Extracted records
= Beginning of Section =
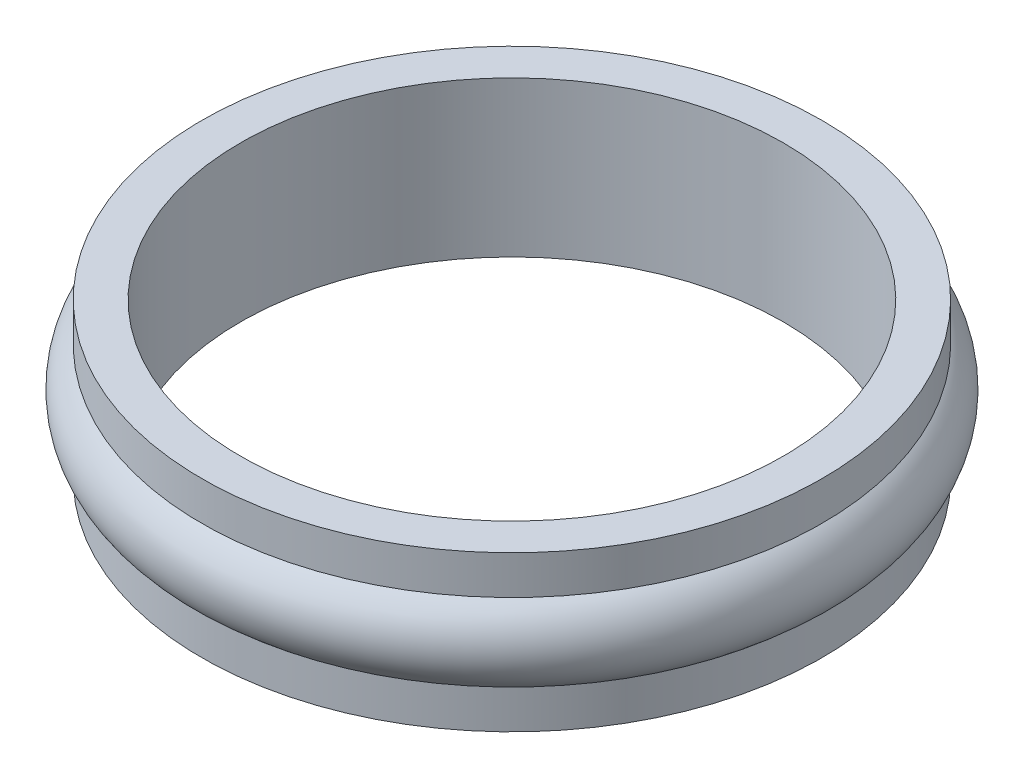
ISO-10303-21;
HEADER;
FILE_DESCRIPTION(('STEP AP214'),'2;1');
FILE_NAME('part.step','',(''),(''),'','','');
FILE_SCHEMA(('AUTOMOTIVE_DESIGN { 1 0 10303 214 1 1 1 1 }'));
ENDSEC;
DATA;
#1=APPLICATION_CONTEXT('core data for automotive mechanical design processes');
#2=APPLICATION_PROTOCOL_DEFINITION('international standard','automotive_design',2000,#1);
#3=PRODUCT_CONTEXT('',#1,'mechanical');
#4=PRODUCT('Part','Part','',(#3));
#5=PRODUCT_RELATED_PRODUCT_CATEGORY('part','',(#4));
#6=PRODUCT_DEFINITION_FORMATION('','',#4);
#7=PRODUCT_DEFINITION_CONTEXT('part definition',#1,'design');
#8=PRODUCT_DEFINITION('design','',#6,#7);
#9=PRODUCT_DEFINITION_SHAPE('','',#8);
#10=(LENGTH_UNIT() NAMED_UNIT(*) SI_UNIT(.MILLI.,.METRE.));
#11=(NAMED_UNIT(*) PLANE_ANGLE_UNIT() SI_UNIT($,.RADIAN.));
#12=(NAMED_UNIT(*) SI_UNIT($,.STERADIAN.) SOLID_ANGLE_UNIT());
#13=UNCERTAINTY_MEASURE_WITH_UNIT(LENGTH_MEASURE(1.E-05),#10,'distance_accuracy_value','');
#14=(GEOMETRIC_REPRESENTATION_CONTEXT(3) GLOBAL_UNCERTAINTY_ASSIGNED_CONTEXT((#13)) GLOBAL_UNIT_ASSIGNED_CONTEXT((#10,
#11,#12)) REPRESENTATION_CONTEXT('',''));
#15=CARTESIAN_POINT('',(0.,0.,0.));
#16=DIRECTION('',(0.,0.,1.));
#17=DIRECTION('',(1.,0.,0.));
#18=AXIS2_PLACEMENT_3D('',#15,#16,#17);
#19=CARTESIAN_POINT('',(22.225,12.7,0.));
#20=DIRECTION('',(0.,1.,0.));
#21=DIRECTION('',(0.,0.,1.));
#22=AXIS2_PLACEMENT_3D('',#19,#20,#21);
#23=PLANE('',#22);
#24=CARTESIAN_POINT('',(0.,12.7,0.));
#25=DIRECTION('',(0.,-1.,0.));
#26=DIRECTION('',(0.,0.,-1.));
#27=AXIS2_PLACEMENT_3D('',#24,#25,#26);
#28=CIRCLE('',#27,22.225);
#29=CARTESIAN_POINT('',(0.,12.7,-22.225));
#30=VERTEX_POINT('',#29);
#31=EDGE_CURVE('E52',#30,#30,#28,.T.);
#32=ORIENTED_EDGE('',*,*,#31,.T.);
#33=EDGE_LOOP('',(#32));
#34=FACE_BOUND('',#33,.T.);
#35=CARTESIAN_POINT('',(0.,12.7,0.));
#36=DIRECTION('',(0.,-1.,0.));
#37=DIRECTION('',(0.,0.,-1.));
#38=AXIS2_PLACEMENT_3D('',#35,#36,#37);
#39=CIRCLE('',#38,25.4);
#40=CARTESIAN_POINT('',(0.,12.7,-25.4));
#41=VERTEX_POINT('',#40);
#42=EDGE_CURVE('E10',#41,#41,#39,.T.);
#43=ORIENTED_EDGE('',*,*,#42,.F.);
#44=EDGE_LOOP('',(#43));
#45=FACE_BOUND('',#44,.T.);
#46=ADVANCED_FACE('F30',(#34,#45),#23,.T.);
#47=CARTESIAN_POINT('',(0.,0.,0.));
#48=DIRECTION('',(0.,-1.,0.));
#49=DIRECTION('',(0.,0.,-1.));
#50=AXIS2_PLACEMENT_3D('',#47,#48,#49);
#51=CYLINDRICAL_SURFACE('',#50,25.4);
#52=ORIENTED_EDGE('',*,*,#42,.T.);
#53=EDGE_LOOP('',(#52));
#54=FACE_BOUND('',#53,.T.);
#55=CARTESIAN_POINT('',(0.,9.525,0.));
#56=DIRECTION('',(0.,-1.,0.));
#57=DIRECTION('',(0.,0.,-1.));
#58=AXIS2_PLACEMENT_3D('',#55,#56,#57);
#59=CIRCLE('',#58,25.4);
#60=CARTESIAN_POINT('',(0.,9.525,-25.4));
#61=VERTEX_POINT('',#60);
#62=EDGE_CURVE('E36',#61,#61,#59,.T.);
#63=ORIENTED_EDGE('',*,*,#62,.F.);
#64=EDGE_LOOP('',(#63));
#65=FACE_BOUND('',#64,.T.);
#66=ADVANCED_FACE('F70',(#54,#65),#51,.T.);
#67=CARTESIAN_POINT('',(0.,6.35,0.));
#68=DIRECTION('',(0.,-1.,0.));
#69=DIRECTION('',(0.,0.,-1.));
#70=AXIS2_PLACEMENT_3D('',#67,#68,#69);
#71=TOROIDAL_SURFACE('',#70,23.01875,3.96875);
#72=ORIENTED_EDGE('',*,*,#62,.T.);
#73=EDGE_LOOP('',(#72));
#74=FACE_BOUND('',#73,.T.);
#75=CARTESIAN_POINT('',(0.,3.175,0.));
#76=DIRECTION('',(0.,-1.,0.));
#77=DIRECTION('',(0.,0.,-1.));
#78=AXIS2_PLACEMENT_3D('',#75,#76,#77);
#79=CIRCLE('',#78,25.4);
#80=CARTESIAN_POINT('',(0.,3.175,-25.4));
#81=VERTEX_POINT('',#80);
#82=EDGE_CURVE('E40',#81,#81,#79,.T.);
#83=ORIENTED_EDGE('',*,*,#82,.F.);
#84=EDGE_LOOP('',(#83));
#85=FACE_BOUND('',#84,.T.);
#86=ADVANCED_FACE('F74',(#74,#85),#71,.T.);
#87=CARTESIAN_POINT('',(0.,0.,0.));
#88=DIRECTION('',(0.,-1.,0.));
#89=DIRECTION('',(0.,0.,-1.));
#90=AXIS2_PLACEMENT_3D('',#87,#88,#89);
#91=CYLINDRICAL_SURFACE('',#90,25.4);
#92=ORIENTED_EDGE('',*,*,#82,.T.);
#93=EDGE_LOOP('',(#92));
#94=FACE_BOUND('',#93,.T.);
#95=CARTESIAN_POINT('',(0.,0.,0.));
#96=DIRECTION('',(0.,-1.,0.));
#97=DIRECTION('',(0.,0.,-1.));
#98=AXIS2_PLACEMENT_3D('',#95,#96,#97);
#99=CIRCLE('',#98,25.4);
#100=CARTESIAN_POINT('',(0.,0.,-25.4));
#101=VERTEX_POINT('',#100);
#102=EDGE_CURVE('E44',#101,#101,#99,.T.);
#103=ORIENTED_EDGE('',*,*,#102,.F.);
#104=EDGE_LOOP('',(#103));
#105=FACE_BOUND('',#104,.T.);
#106=ADVANCED_FACE('F66',(#94,#105),#91,.T.);
#107=CARTESIAN_POINT('',(25.4,0.,0.));
#108=DIRECTION('',(0.,-1.,0.));
#109=DIRECTION('',(0.,0.,-1.));
#110=AXIS2_PLACEMENT_3D('',#107,#108,#109);
#111=PLANE('',#110);
#112=ORIENTED_EDGE('',*,*,#102,.T.);
#113=EDGE_LOOP('',(#112));
#114=FACE_BOUND('',#113,.T.);
#115=CARTESIAN_POINT('',(0.,0.,0.));
#116=DIRECTION('',(0.,-1.,0.));
#117=DIRECTION('',(0.,0.,-1.));
#118=AXIS2_PLACEMENT_3D('',#115,#116,#117);
#119=CIRCLE('',#118,22.225);
#120=CARTESIAN_POINT('',(0.,0.,-22.225));
#121=VERTEX_POINT('',#120);
#122=EDGE_CURVE('E49',#121,#121,#119,.T.);
#123=ORIENTED_EDGE('',*,*,#122,.F.);
#124=EDGE_LOOP('',(#123));
#125=FACE_BOUND('',#124,.T.);
#126=ADVANCED_FACE('F60',(#114,#125),#111,.T.);
#127=CARTESIAN_POINT('',(0.,0.,0.));
#128=DIRECTION('',(0.,-1.,0.));
#129=DIRECTION('',(0.,0.,-1.));
#130=AXIS2_PLACEMENT_3D('',#127,#128,#129);
#131=CYLINDRICAL_SURFACE('',#130,22.225);
#132=ORIENTED_EDGE('',*,*,#122,.T.);
#133=EDGE_LOOP('',(#132));
#134=FACE_BOUND('',#133,.T.);
#135=ORIENTED_EDGE('',*,*,#31,.F.);
#136=EDGE_LOOP('',(#135));
#137=FACE_BOUND('',#136,.T.);
#138=ADVANCED_FACE('F58',(#134,#137),#131,.F.);
#139=CLOSED_SHELL('',(#46,#66,#86,#106,#126,#138));
#140=MANIFOLD_SOLID_BREP('B2',#139);
#141=ADVANCED_BREP_SHAPE_REPRESENTATION('',(#18,#140),#14);
#142=SHAPE_DEFINITION_REPRESENTATION(#9,#141);
ENDSEC;
END-ISO-10303-21;
= End of Section =
EXERCISE AIM
Set down exactly and only the lines from the start of the entries above through the line containing "#11=(NAMED_UNIT(*) PLANE_ANGLE_UNIT() SI_UNIT($,.RADIAN.));", both ends included, omitting the pictures.

SOLUTION FOR THIS TASK
ISO-10303-21;
HEADER;
FILE_DESCRIPTION(('STEP AP214'),'2;1');
FILE_NAME('part.step','',(''),(''),'','','');
FILE_SCHEMA(('AUTOMOTIVE_DESIGN { 1 0 10303 214 1 1 1 1 }'));
ENDSEC;
DATA;
#1=APPLICATION_CONTEXT('core data for automotive mechanical design processes');
#2=APPLICATION_PROTOCOL_DEFINITION('international standard','automotive_design',2000,#1);
#3=PRODUCT_CONTEXT('',#1,'mechanical');
#4=PRODUCT('Part','Part','',(#3));
#5=PRODUCT_RELATED_PRODUCT_CATEGORY('part','',(#4));
#6=PRODUCT_DEFINITION_FORMATION('','',#4);
#7=PRODUCT_DEFINITION_CONTEXT('part definition',#1,'design');
#8=PRODUCT_DEFINITION('design','',#6,#7);
#9=PRODUCT_DEFINITION_SHAPE('','',#8);
#10=(LENGTH_UNIT() NAMED_UNIT(*) SI_UNIT(.MILLI.,.METRE.));
#11=(NAMED_UNIT(*) PLANE_ANGLE_UNIT() SI_UNIT($,.RADIAN.));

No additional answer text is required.